◆ Data shown ◆
[Start of section]
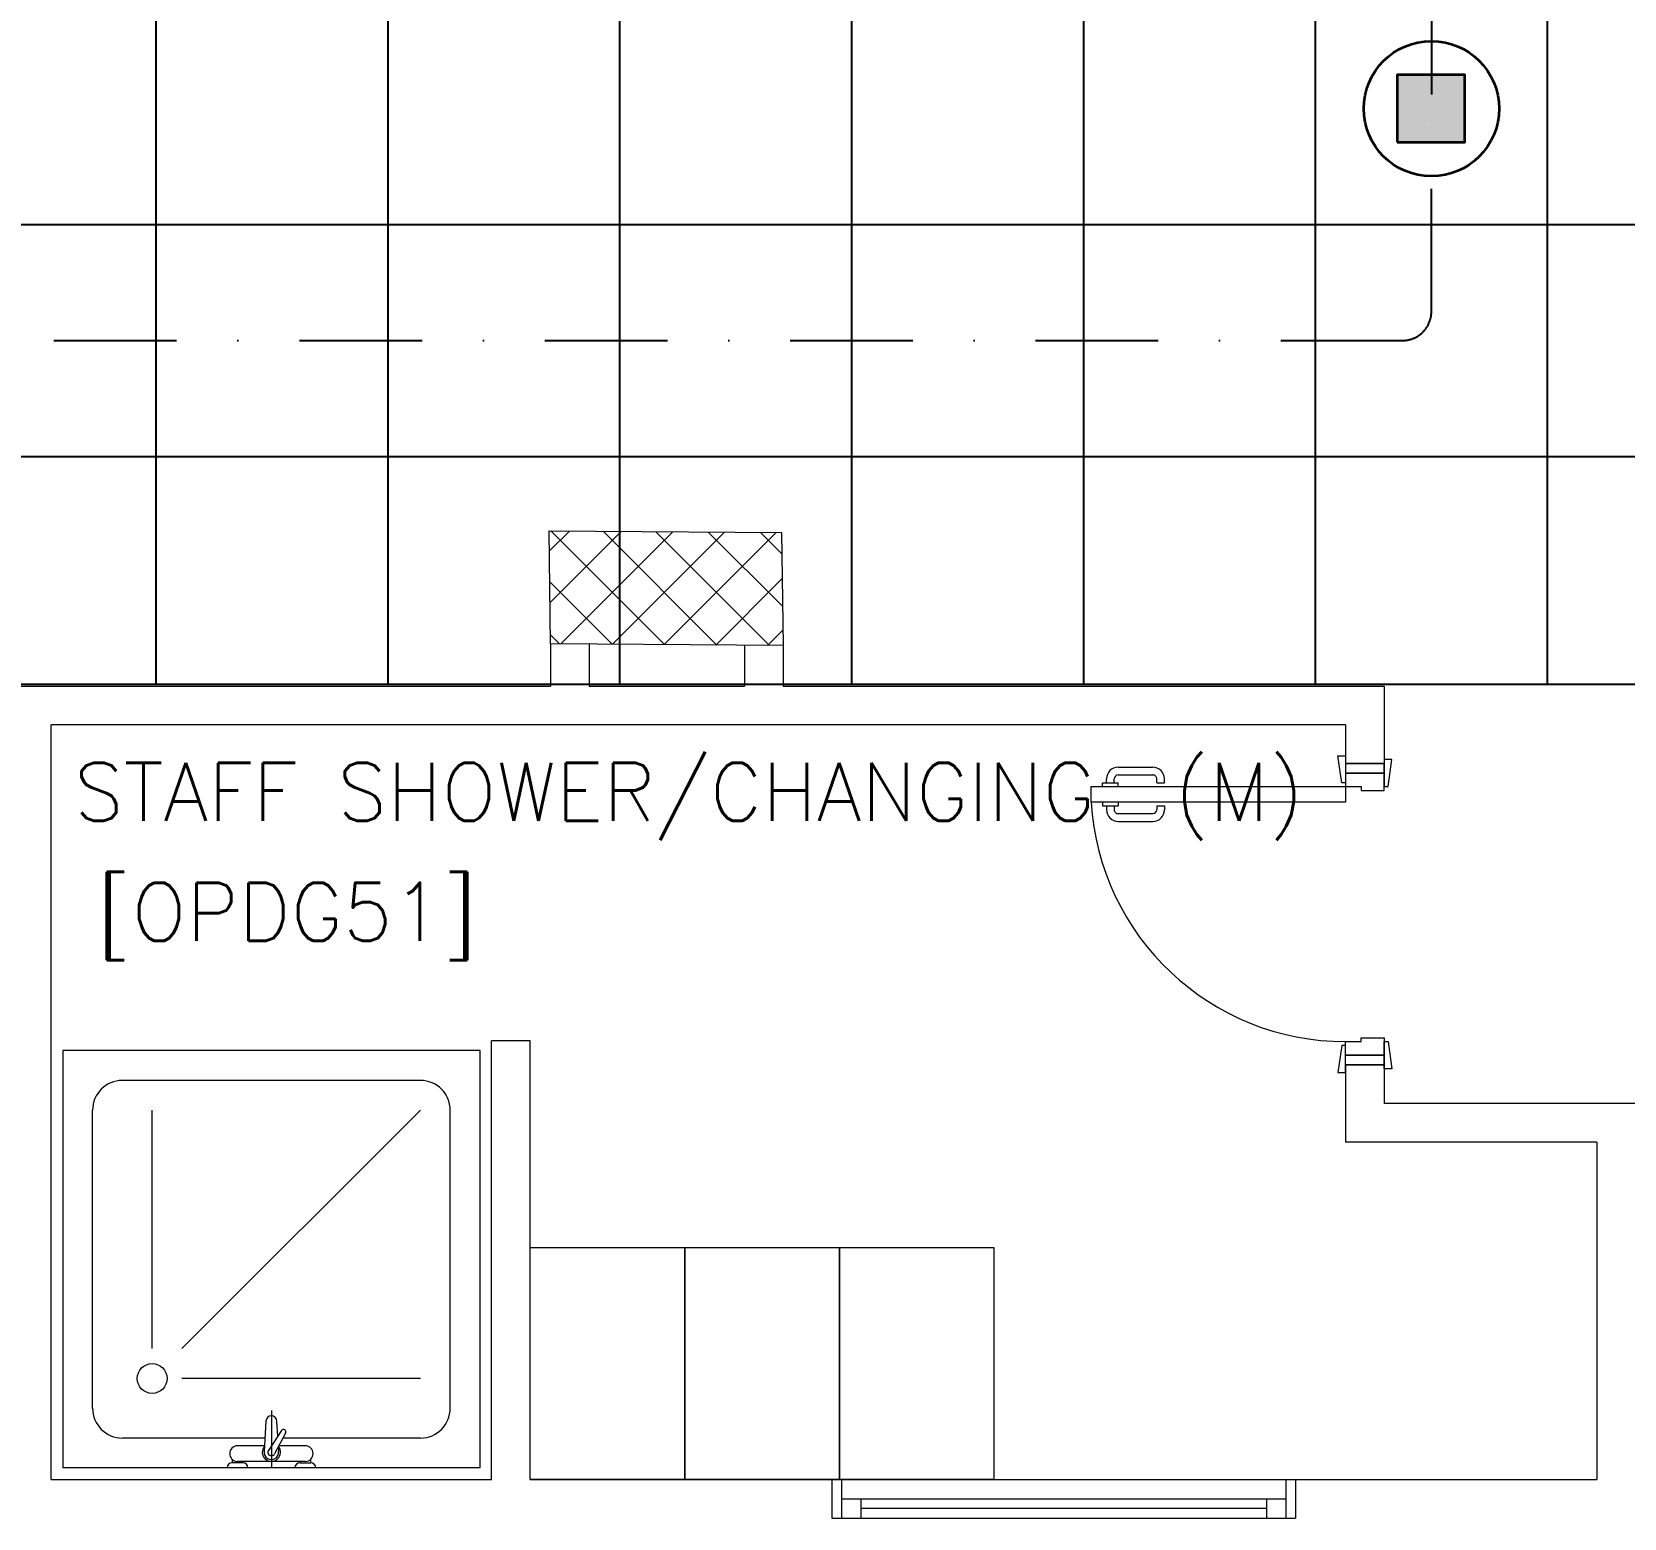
# Model space of a CAD drawing. Header units: inches. Extents: x -12418 to 472786, y -29325 to 19878.
# Drawn here: x 25478 to 29599, y -947 to 2899 of the extents above; entities that cross this region are included whole.
import ezdxf
from ezdxf import colors
from ezdxf.entities.mleader import LeaderData, LeaderLine
from ezdxf.math import Vec2, Vec3

# ---------------------------------------------------------------- set-up
doc = ezdxf.new("R2010")
doc.units = ezdxf.units.IN
doc.header["$LTSCALE"] = 25
doc.header["$MEASUREMENT"] = 0
doc.linetypes.add('DASHDOT', pattern=[25.4, 12.7, -6.35, 0, -6.35])
doc.layers.get('0').update_dxf_attribs({"color": 8})
for name, color, linetype, lineweight in [('00-Ground Floor$0$72_EGR_BASE_TEXT', 252, 'Continuous', 5), ('00-Ground Floor$0$Aluminum', 251, 'Continuous', 5), ('00-Ground Floor$0$C-HYDR-CTCH', 251, 'Continuous', 5), ('00-Ground Floor$0$Hatch', 254, 'Continuous', 5), ('00-Ground Floor$0$LOADING', 253, 'Continuous', 5), ('00-Ground Floor$0$SANIT', 250, 'Continuous', 5), ('00-Ground Floor$0$Walls', 251, 'Continuous', 5), ('00-Ground Floor$0$Wooden Joinery', 251, 'Continuous', 5), ('E-LITE-CLNG-CNDT', 6, 'DASHDOT', 35), ('T-DATA-TEXT', 2, 'Continuous', 25), ('T-INTC-CLNG @ 100', 33, 'Continuous', 35), ('T-INTC-DEVC-NUMB', 2, 'Continuous', 25), ('T-SOUN-CLNG-CNDT', 3, 'DASHDOT', 25)]:
    doc.layers.add(name, color=color, linetype=linetype, lineweight=lineweight)
doc.layers.add('00-Ground Floor$0$False Ceiling', color=251, linetype='Continuous')
doc.styles.add('00-Ground Floor$0$SIMPLEX', font='SIMPLEX.shx', dxfattribs={"height": 150})
doc.styles.add('DC_Elc_Romans', font='elc_romans.shx', dxfattribs={"width": 0.7})
doc.styles.add('DC_Simplex', font='SIMPLEX.shx', dxfattribs={"width": 0.7})

# ---------------------------------------------------------------- blocks, each defined once
blk = doc.blocks.new('00-Ground Floor$0$A$C72370EFE')
at = {"layer": '00-Ground Floor$0$Wooden Joinery'}
for p, q in [((-0.01, -0.04), (-0.02, -0.04)), ((-0.01, -0.03), (-0.01, -0.07)), ((0, -0.03), (-0.01, -0.03)), ((0.04, -0.03), (0.05, -0.03)), ((0.05, -0.03), (0.05, -0.07)), ((0.05, -0.04), (0.06, -0.04)), ((-0.05, -0.07), (-0.05, -0.16)), ((-0.03, -0.07), (-0.03, -0.16)), ((-0.01, -0.06), (-0.02, -0.06)), ((0, -0.07), (-0.01, -0.07)), ((0.04, -0.07), (0.05, -0.07)), ((0.05, -0.06), (0.06, -0.06)), ((0.07, -0.07), (0.07, -0.16)), ((0.09, -0.07), (0.09, -0.16)), ((-0.01, -0.17), (-0.02, -0.17)), ((-0.01, -0.19), (-0.02, -0.19)), ((-0.01, -0.17), (-0.01, -0.19)), ((0.05, -0.17), (0.06, -0.17)), ((0.05, -0.17), (0.05, -0.19)), ((0.05, -0.19), (0.06, -0.19))]:
    blk.add_line(p, q, dxfattribs=at)
for centre, radius, start, end in [((-0.02, -0.07), 0.03, 90, 180), ((0.06, -0.07), 0.03, 0, 90), ((-0.02, -0.07), 0.01, 90, 180), ((0.06, -0.07), 0.01, 0, 90), ((-0.02, -0.16), 0.03, 180, 270), ((-0.02, -0.16), 0.01, 180, 270), ((0.06, -0.16), 0.01, 270, 0), ((0.06, -0.16), 0.03, 270, 0)]:
    blk.add_arc(centre, radius, start, end, dxfattribs=at)
blk = doc.blocks.new('00-Ground Floor$0$A$C268A7CF0')
at = {"layer": '00-Ground Floor$0$Wooden Joinery'}
for points in [[(80, 758.8), (80, 768.8), (10, 778.8), (10, 758.8)], [(740, 758.8), (740, 768.8), (810, 778.8), (810, 758.8)], [(70, 658.8), (70, 648.8), (0, 638.8), (0, 658.8)], [(120, 658.8), (120, 0), (80, 0), (80, 658.8)], [(750, 658.8), (750, 648.8), (820, 638.8), (820, 658.8)]]:
    blk.add_lwpolyline(points, close=True, dxfattribs=at)
for points in [[(45, 658.8), (45, 758.8), (20, 758.8), (20, 658.8), (45, 658.8)], [(45, 658.8), (80, 658.8), (80, 698.8), (90, 698.8), (90, 758.8), (45, 758.8), (45, 658.8)], [(775, 658.8), (740, 658.8), (740, 698.8), (730, 698.8), (730, 758.8), (775, 758.8), (775, 658.8)], [(775, 658.8), (775, 758.8), (800, 758.8), (800, 658.8), (775, 658.8)]]:
    blk.add_lwpolyline(points, dxfattribs=at)
blk.add_arc((80, 658.8), 660, 273.4748, 0, dxfattribs=at)
at = {"layer": '00-Ground Floor$0$Wooden Joinery', "xscale": 999.9999999998854, "yscale": 999.9999999998854, "zscale": 999.9999999998854, "rotation": 180}
blk.add_blockref('00-Ground Floor$0$A$C72370EFE', (120, 0), dxfattribs=at)
blk = doc.blocks.new('00-Ground Floor$0$SHOWER TRAY 80x80')
at = {"layer": '00-Ground Floor$0$SANIT'}
for p, q in [((0, 0), (0, 0.8)), ((0.8, 0.8), (0, 0.8)), ((0.8, 0), (0.8, 0.8)), ((0.1143, 0.7429), (0.6857, 0.7429)), ((0.0571, 0.4124), (0.0571, 0.6857)), ((0.7429, 0.1143), (0.7429, 0.6857)), ((0.2286, 0.6286), (0.6857, 0.6286)), ((0.1714, 0.1143), (0.1714, 0.5714)), ((0.2286, 0.5714), (0.6857, 0.1143)), ((0.01, 0.455), (0.01, 0.475)), ((0.0163, 0.475), (0.01, 0.475)), ((0.0125, 0.335), (0.0125, 0.465)), ((0.0425, 0.4133), (0.0425, 0.465)), ((0.0125, 0.455), (0.01, 0.455)), ((0.11, 0.4), (0, 0.4)), ((0.0895, 0.4105), (0.0316, 0.4139)), ((0.0715, 0.3808), (0.0334, 0.4058)), ((0.0667, 0.3728), (0.0271, 0.3939)), ((0.0407, 0.3866), (0.0316, 0.3861)), ((0.0425, 0.335), (0.0425, 0.3857)), ((0.0571, 0.1143), (0.0571, 0.3779)), ((0.0608, 0.3878), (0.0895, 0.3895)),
[End of section]
◆ Activity ◆
Copy each line above containing the string "lineweight".

◆ Worked solution ◆
for name, color, linetype, lineweight in [('00-Ground Floor$0$72_EGR_BASE_TEXT', 252, 'Continuous', 5), ('00-Ground Floor$0$Aluminum', 251, 'Continuous', 5), ('00-Ground Floor$0$C-HYDR-CTCH', 251, 'Continuous', 5), ('00-Ground Floor$0$Hatch', 254, 'Continuous', 5), ('00-Ground Floor$0$LOADING', 253, 'Continuous', 5), ('00-Ground Floor$0$SANIT', 250, 'Continuous', 5), ('00-Ground Floor$0$Walls', 251, 'Continuous', 5), ('00-Ground Floor$0$Wooden Joinery', 251, 'Continuous', 5), ('E-LITE-CLNG-CNDT', 6, 'DASHDOT', 35), ('T-DATA-TEXT', 2, 'Continuous', 25), ('T-INTC-CLNG @ 100', 33, 'Continuous', 35), ('T-INTC-DEVC-NUMB', 2, 'Continuous', 25), ('T-SOUN-CLNG-CNDT', 3, 'DASHDOT', 25)]:
    doc.layers.add(name, color=color, linetype=linetype, lineweight=lineweight)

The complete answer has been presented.